→ Data excerpts
○ ○ ○ ○
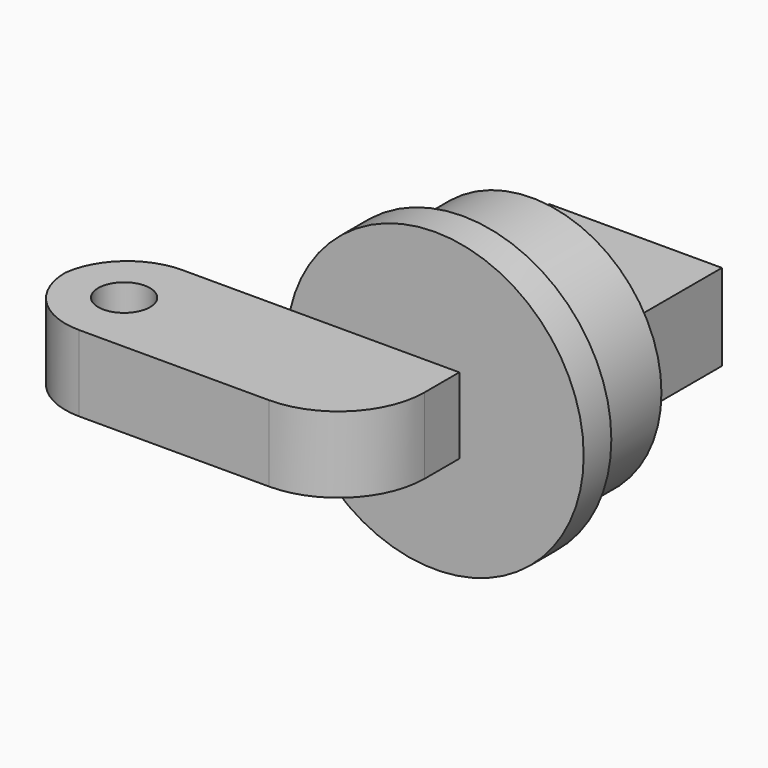
from build123d import *

# Parameters (mm, degrees)
F0_R        = 9.525
F1_DEPTH    = 6.35
F2_W        = 12.7
F2_H        = 6.35
F3_DEPTH    = 9.525
F4_R        = 10.922
F5_DEPTH    = 2.54
F6_W        = 25.4
F6_H        = 5.588
F7_DEPTH    = 9.525
F8_R        = 5.08
F9_T1_DEPTH = 30.7887812379
F10_R       = 6.35
F11_R       = 1.905
F12_DEPTH   = 13.336


# Not quite as in the source:
# - a fillet or chamfer that OpenCascade refuses, or shapes differently, is made with other operations: its cross-section is extruded or revolved along the edge and cut away or added


with BuildPart() as f1:
    # F0 (on Front) → F1 (new body)
    with BuildSketch(Plane.XZ):
        Circle(F0_R)
    extrude(amount=F1_DEPTH)

    # F2 (on face) → F3 (join)
    with BuildSketch(Plane(origin=(0, 0, 0), x_dir=(-1, 0, 0), z_dir=(0, 1, 0))):
        Rectangle(F2_W, F2_H)
    extrude(amount=F3_DEPTH)

    # F4 (on face) → F5 (join)
    with BuildSketch(Plane.XZ.offset(6.35)):
        Circle(F4_R)
    extrude(amount=F5_DEPTH)

    # F6 (on face) → F7 (join)
    with BuildSketch(Plane.XZ.offset(8.89)):
        with Locations((-10.922, -0.381)):
            Rectangle(F6_W, F6_H)
    extrude(amount=F7_DEPTH)

    # F8
    f8_edges = [f1.edges().sort_by_distance(p)[0] for p in [
        (-23.622, -18.415, -0.381),
    ]]
    fillet(f8_edges, radius=F8_R)

    # F9: fillet of radius 5.08 on 1 edges, made by hand

    # F9_s2 → F9_t1 (cut)
    with BuildSketch(Plane.XY.offset(-15.7753906189)):
        with BuildLine():
            ThreePointArc((-23.622, -13.335), (-21.9419479175, -10.16), (-18.5818437524, -8.89))
            Line((-18.5818437524, -8.89), (-23.622, -8.89))
            Line((-23.622, -8.89), (-23.622, -13.335))
        make_face()
    extrude(amount=F9_T1_DEPTH, mode=Mode.SUBTRACT)

    # F10
    f10_edges = [f1.edges().sort_by_distance(p)[0] for p in [
        (1.778, -18.415, -0.381),
    ]]
    fillet(f10_edges, radius=F10_R)

    # F11 (on face) → F12 (cut, through all)
    with BuildSketch(Plane.XY.offset(2.413)):
        with Locations((-19.05, -13.6525)):
            Circle(F11_R)
    extrude(amount=-F12_DEPTH, mode=Mode.SUBTRACT)


solid = f1.part
○ ○ ○ ○
→ Problem statement
The records above must be echoed exactly, minus their pictures.

→ Result below
from build123d import *

# Parameters (mm, degrees)
F0_R        = 9.525
F1_DEPTH    = 6.35
F2_W        = 12.7
F2_H        = 6.35
F3_DEPTH    = 9.525
F4_R        = 10.922
F5_DEPTH    = 2.54
F6_W        = 25.4
F6_H        = 5.588
F7_DEPTH    = 9.525
F8_R        = 5.08
F9_T1_DEPTH = 30.7887812379
F10_R       = 6.35
F11_R       = 1.905
F12_DEPTH   = 13.336


# Not quite as in the source:
# - a fillet or chamfer that OpenCascade refuses, or shapes differently, is made with other operations: its cross-section is extruded or revolved along the edge and cut away or added


with BuildPart() as f1:
    # F0 (on Front) → F1 (new body)
    with BuildSketch(Plane.XZ):
        Circle(F0_R)
    extrude(amount=F1_DEPTH)

    # F2 (on face) → F3 (join)
    with BuildSketch(Plane(origin=(0, 0, 0), x_dir=(-1, 0, 0), z_dir=(0, 1, 0))):
        Rectangle(F2_W, F2_H)
    extrude(amount=F3_DEPTH)

    # F4 (on face) → F5 (join)
    with BuildSketch(Plane.XZ.offset(6.35)):
        Circle(F4_R)
    extrude(amount=F5_DEPTH)

    # F6 (on face) → F7 (join)
    with BuildSketch(Plane.XZ.offset(8.89)):
        with Locations((-10.922, -0.381)):
            Rectangle(F6_W, F6_H)
    extrude(amount=F7_DEPTH)

    # F8
    f8_edges = [f1.edges().sort_by_distance(p)[0] for p in [
        (-23.622, -18.415, -0.381),
    ]]
    fillet(f8_edges, radius=F8_R)

    # F9: fillet of radius 5.08 on 1 edges, made by hand

    # F9_s2 → F9_t1 (cut)
    with BuildSketch(Plane.XY.offset(-15.7753906189)):
        with BuildLine():
            ThreePointArc((-23.622, -13.335), (-21.9419479175, -10.16), (-18.5818437524, -8.89))
            Line((-18.5818437524, -8.89), (-23.622, -8.89))
            Line((-23.622, -8.89), (-23.622, -13.335))
        make_face()
    extrude(amount=F9_T1_DEPTH, mode=Mode.SUBTRACT)

    # F10
    f10_edges = [f1.edges().sort_by_distance(p)[0] for p in [
        (1.778, -18.415, -0.381),
    ]]
    fillet(f10_edges, radius=F10_R)

    # F11 (on face) → F12 (cut, through all)
    with BuildSketch(Plane.XY.offset(2.413)):
        with Locations((-19.05, -13.6525)):
            Circle(F11_R)
    extrude(amount=-F12_DEPTH, mode=Mode.SUBTRACT)


solid = f1.part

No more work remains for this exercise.